Exercise prompt: For the data below, give again exactly the lines from the one containing "19.0440943139), (-99.8749217772, 5))" through the one containing "Line((-3, 5), (-3, 99.9549898704))", both ends included, and no others.

Information supplied:
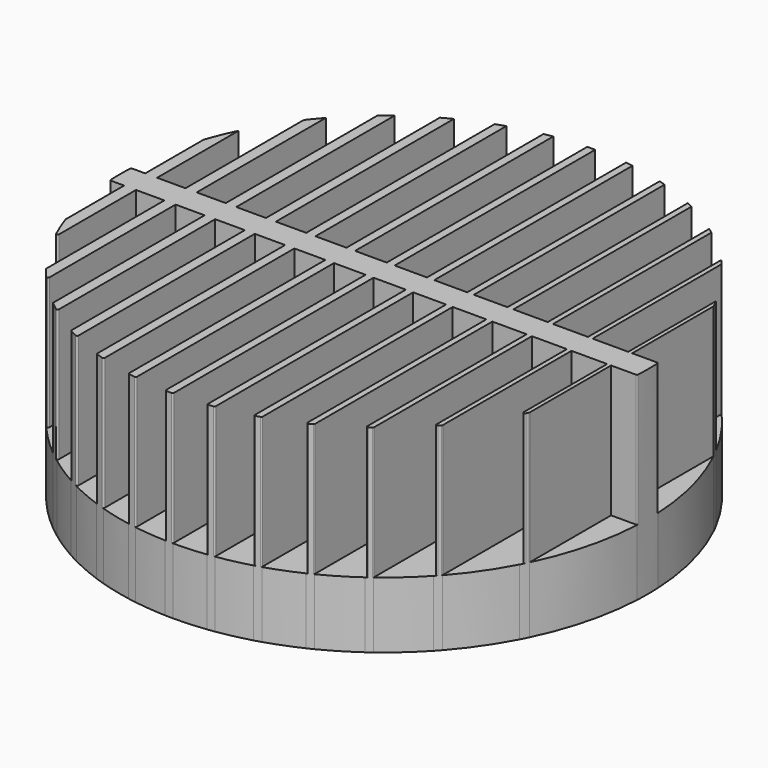
from build123d import *

# Parameters (mm, degrees)
F0_W         = 11
F0_H         = 5
F0_W_2       = 4.25
F0_W_3       = 3.25
F0_W_4       = 2.25
F0_W_5       = 3.5
F0_W_6       = 11.25
F0_W_7       = 11.5
F0_W_8       = 10.75
F0_W_9       = 4.5
F0_W_10      = 4
F0_W_11      = 3.75
F0_W_12      = 2
F0_W_13      = 13.5
F0_W_14      = 12.25
F0_W_15      = 1.75
F0_W_16      = 11.75
F0_W_17      = 13
F0_W_18      = 1.5
F0_W_19      = 2.5
F0_W_20      = 13.25
F0_W_21      = 12.75
F0_W_22      = 2.75
F0_W_23      = 12
F0_W_24      = 12.5
F0_W_25      = 3
F1_DEPTH     = 25
F2_DEPTH     = 75
F3_T1_DEPTH  = 50.2109984733
F3_T3_DEPTH  = 50.4269577712
F3_T5_DEPTH  = 53.3493232824
F3_T7_DEPTH  = 50.5880189906
F3_T9_DEPTH  = 52.5221366618
F3_T11_DEPTH = 50.7367983998
F3_T13_DEPTH = 52.0440371839
F3_T15_DEPTH = 50.8861030717
F3_T17_DEPTH = 51.7138805739
F3_T19_DEPTH = 51.0441499554
F3_T21_DEPTH = 51.4619110174
F3_T23_DEPTH = 51.2190561193
F3_T25_DEPTH = 51.2562853725
F3_T27_DEPTH = 51.4213816764
F3_T29_DEPTH = 51.0797077715
F3_T31_DEPTH = 51.6675925063
F3_T33_DEPTH = 50.921326192
F3_T35_DEPTH = 51.9875030892
F3_T37_DEPTH = 50.7731193512
F3_T39_DEPTH = 52.4451800761
F3_T41_DEPTH = 50.6275504684
F3_T43_DEPTH = 50.4743197485
F3_T45_DEPTH = 50.2878685654
F3_T47_DEPTH = 53.2195126732
F3_T49_DEPTH = 55.6061408631
F3_T51_DEPTH = 55.1888373464
F3_T53_DEPTH = 51.1948224465


# Not quite as in the source:
# - a fillet or chamfer that OpenCascade refuses, or shapes differently, is made with other operations: its cross-section is extruded or revolved along the edge and cut away or added


with BuildPart() as f1:
    # F0 (on Top) → F1 (new body)
    with BuildSketch(Plane.XY):
        with BuildLine():
            ThreePointArc((-99.8749217772, -5), (-98.1698653955, -19.0440943139), (-94.5, -32.7070328829))
            Line((-94.5, -32.7070328829), (-94.5, -5))
            Line((-94.5, -5), (-99.8749217772, -5))
        make_face()
        with BuildLine():
            Line((-94.5, -5), (-94.5, 0))
            Line((-94.5, 0), (-100, 0))
            ThreePointArc((-100, 0), (-99.9687255538, -2.5007821058), (-99.8749217772, -5))
            Line((-99.8749217772, -5), (-94.5, -5))
        make_face()
        with BuildLine():
            Line((-100, 0), (-94.5, 0))
            Line((-94.5, 0), (-94.5, 5))
            Line((-94.5, 5), (-99.8749217772, 5))
            ThreePointArc((-99.8749217772, 5), (-99.9687255538, 2.5007821058), (-100, 0))
        make_face()
        with BuildLine():
            Line((-94.5, 5), (-94.5, 32.7070328829))
            ThreePointArc((-94.5, 32.7070328829), (-98.1698653955, 19.0440943139), (-99.8749217772, 5))
            Line((-99.8749217772, 5), (-94.5, 5))
        make_face()
        with BuildLine():
            ThreePointArc((-15, -98.8685996664), (-9.0163773723, -99.5926952094), (-3, -99.9549898704))
            Line((-3, -99.9549898704), (-3, -5))
            Line((-3, -5), (-15, -5))
            Line((-15, -5), (-15, -98.8685996664))
        make_face()
        with BuildLine():
            Line((-30, 5), (-30, 95.3939201417))
            ThreePointArc((-30, 95.3939201417), (-31.7554083414, 94.8240161619), (-33.5, 94.2218127612))
            Line((-33.5, 94.2218127612), (-33.5, 5))
            Line((-33.5, 5), (-30, 5))
        make_face()
        with BuildLine():
            Line((-3, 5), (-3, 99.9549898704))
            ThreePointArc((-3, 99.9549898704), (-9.0163773723, 99.5926952094), (-15, 98.8685996664))
            Line((-15, 98.8685996664), (-15, 5))
            Line((-15, 5), (-3, 5))
        make_face()
        with BuildLine():
            ThreePointArc((12.25, -99.2468513354), (13.6263125453, -99.067268088), (15, -98.8685996664))
            Line((15, -98.8685996664), (15, -5))
            Line((15, -5), (12.25, -5))
            Line((12.25, -5), (12.25, -99.2468513354))
        make_face()
        with Locations((-69.5, -2.5)):
            Rectangle(F0_W, F0_H)
        with BuildLine():
            Line((-18.25, 5), (-18.25, 98.3205853319))
            ThreePointArc((-18.25, 98.3205853319), (-24.1693394052, 97.0352669534), (-30, 95.3939201417))
            Line((-30, 95.3939201417), (-30, 5))
            Line((-30, 5), (-18.25, 5))
        make_face()
        with Locations((-77.125, -2.5)):
            Rectangle(F0_W_2, F0_H)
        with BuildLine():
            Line((45, 5), (45, 89.3028554975))
            ThreePointArc((45, 89.3028554975), (43.878438886, 89.859237705), (42.75, 90.4015348321))
            Line((42.75, 90.4015348321), (42.75, 5))
            Line((42.75, 5), (45, 5))
        make_face()
        with Locations((-16.625, 2.5)):
            Rectangle(F0_W_3, F0_H)
        with BuildLine():
            Line((42.75, 5), (42.75, 90.4015348321))
            ThreePointArc((42.75, 90.4015348321), (36.4605485802, 93.1162091004), (30, 95.3939201417))
            Line((30, 95.3939201417), (30, 5))
            Line((30, 5), (42.75, 5))
        make_face()
        with Locations((43.875, -2.5)):
            Rectangle(F0_W_4, F0_H)
        with Locations((-31.75, -2.5)):
            Rectangle(F0_W_5, F0_H)
        with Locations((-54.375, -2.5)):
            Rectangle(F0_W_6, F0_H)
        with BuildLine():
            Line((30, 5), (30, 95.3939201417))
            ThreePointArc((30, 95.3939201417), (28.752448826, 95.7773286666), (27.5, 96.1444226151))
            Line((27.5, 96.1444226151), (27.5, 5))
            Line((27.5, 5), (30, 5))
        make_face()
        with BuildLine():
            Line((15, 5), (15, 98.8685996664))
            ThreePointArc((15, 98.8685996664), (13.6263125453, 99.067268088), (12.25, 99.2468513354))
            Line((12.25, 99.2468513354), (12.25, 5))
            Line((12.25, 5), (15, 5))
        make_face()
        with Locations((-39.25, 2.5)):
            Rectangle(F0_W_7, F0_H)
        with Locations((-84.625, 2.5)):
            Rectangle(F0_W_8, F0_H)
        with BuildLine():
            ThreePointArc((-75, -66.1437827766), (-69.7053717305, -71.7018908531), (-64, -76.8374908492))
            Line((-64, -76.8374908492), (-64, -5))
            Line((-64, -5), (-75, -5))
            Line((-75, -5), (-75, -66.1437827766))
        make_face()
        with Locations((-92.25, -2.5)):
            Rectangle(F0_W_9, F0_H)
        with BuildLine():
            ThreePointArc((45, -89.3028554975), (51.6490187326, -85.6293107759), (58, -81.4616474177))
            Line((58, -81.4616474177), (58, -5))
            Line((58, -5), (45, -5))
            Line((45, -5), (45, -89.3028554975))
        make_face()
        with Locations((-62, -2.5)):
            Rectangle(F0_W_10, F0_H)
        with BuildLine():
            ThreePointArc((15, -98.8685996664), (21.2936090213, -97.7066129535), (27.5, -96.1444226151))
            Line((27.5, -96.1444226151), (27.5, -5))
            Line((27.5, -5), (15, -5))
            Line((15, -5), (15, -98.8685996664))
        make_face()
        with Locations((-46.875, -2.5)):
            Rectangle(F0_W_11, F0_H)
        with BuildLine():
            Line((73.25, 5), (73.25, 68.0767030635))
            ThreePointArc((73.25, 68.0767030635), (66.8911943193, 74.3341652441), (60, 80))
            Line((60, 80), (60, 5))
            Line((60, 5), (73.25, 5))
        make_face()
        with BuildLine():
            ThreePointArc((-18.25, -98.3205853319), (-16.6272578896, -98.6079829176), (-15, -98.8685996664))
            Line((-15, -98.8685996664), (-15, -5))
            Line((-15, -5), (-18.25, -5))
            Line((-18.25, -5), (-18.25, -98.3205853319))
        make_face()
        with Locations((59, 2.5)):
            Rectangle(F0_W_12, F0_H)
        with Locations((81.75, 2.5)):
            Rectangle(F0_W_13, F0_H)
        with BuildLine():
            ThreePointArc((88.5, -46.559102225), (89.262354285, -45.0802851311), (90, -43.5889894354))
            Line((90, -43.5889894354), (90, -5))
            Line((90, -5), (88.5, -5))
            Line((88.5, -5), (88.5, -46.559102225))
        make_face()
        with Locations((6.125, -2.5)):
            Rectangle(F0_W_14, F0_H)
        with BuildLine():
            ThreePointArc((0, -100), (6.1365652631, -99.811535239), (12.25, -99.2468513354))
            Line((12.25, -99.2468513354), (12.25, -5))
            Line((12.25, -5), (0, -5))
            Line((0, -5), (0, -100))
        make_face()
        with BuildLine():
            Line((0, 5), (0, 100))
            ThreePointArc((0, 100), (-1.5001688165, 99.9887468344), (-3, 99.9549898704))
            Line((-3, 99.9549898704), (-3, 5))
            Line((-3, 5), (0, 5))
        make_face()
        with BuildLine():
            ThreePointArc((90, -43.5889894354), (96.8782690101, -24.7911474848), (99.8749217772, -5))
            Line((99.8749217772, -5), (90, -5))
            Line((90, -5), (90, -43.5889894354))
        make_face()
        with Locations((74.125, 2.5)):
            Rectangle(F0_W_15, F0_H)
        with BuildLine():
            Line((-79.25, 5), (-79.25, 60.9871912782))
            ThreePointArc((-79.25, 60.9871912782), (-85.0709408778, 52.5636282819), (-90, 43.5889894354))
            Line((-90, 43.5889894354), (-90, 5))
            Line((-90, 5), (-79.25, 5))
        make_face()
        with BuildLine():
            ThreePointArc((-64, -76.8374908492), (-62.0201609643, -78.4442453847), (-60, -80))
            Line((-60, -80), (-60, -5))
            Line((-60, -5), (-64, -5))
            Line((-64, -5), (-64, -76.8374908492))
        make_face()
        with BuildLine():
            Line((-48.75, 5), (-48.75, 87.3122986755))
            ThreePointArc((-48.75, 87.3122986755), (-54.4977802574, 83.845047242), (-60, 80))
            Line((-60, 80), (-60, 5))
            Line((-60, 5), (-48.75, 5))
        make_face()
        with BuildLine():
            ThreePointArc((42.75, -90.4015348321), (43.878438886, -89.859237705), (45, -89.3028554975))
            Line((45, -89.3028554975), (45, -5))
            Line((45, -5), (42.75, -5))
            Line((42.75, -5), (42.75, -90.4015348321))
        make_face()
        with BuildLine():
            ThreePointArc((60, -80), (66.8911943193, -74.3341652441), (73.25, -68.0767030635))
            Line((73.25, -68.0767030635), (73.25, -5))
            Line((73.25, -5), (60, -5))
            Line((60, -5), (60, -80))
        make_face()
        with Locations((-62, 2.5)):
            Rectangle(F0_W_10, F0_H)
        with Locations((-24.125, -2.5)):
            Rectangle(F0_W_16, F0_H)
        with BuildLine():
            ThreePointArc((58, -81.4616474177), (59.0045261255, -80.7370168925), (60, -80))
            Line((60, -80), (60, -5))
            Line((60, -5), (58, -5))
            Line((58, -5), (58, -81.4616474177))
        make_face()
        with BuildLine():
            ThreePointArc((-60, -80), (-54.4977802574, -83.845047242), (-48.75, -87.3122986755))
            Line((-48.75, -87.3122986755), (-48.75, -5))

Answer space:
            ThreePointArc((-94.5, 32.7070328829), (-98.1698653955, 19.0440943139), (-99.8749217772, 5))
            Line((-99.8749217772, 5), (-94.5, 5))
        make_face()
        with BuildLine():
            ThreePointArc((-15, -98.8685996664), (-9.0163773723, -99.5926952094), (-3, -99.9549898704))
            Line((-3, -99.9549898704), (-3, -5))
            Line((-3, -5), (-15, -5))
            Line((-15, -5), (-15, -98.8685996664))
        make_face()
        with BuildLine():
            Line((-30, 5), (-30, 95.3939201417))
            ThreePointArc((-30, 95.3939201417), (-31.7554083414, 94.8240161619), (-33.5, 94.2218127612))
            Line((-33.5, 94.2218127612), (-33.5, 5))
            Line((-33.5, 5), (-30, 5))
        make_face()
        with BuildLine():
            Line((-3, 5), (-3, 99.9549898704))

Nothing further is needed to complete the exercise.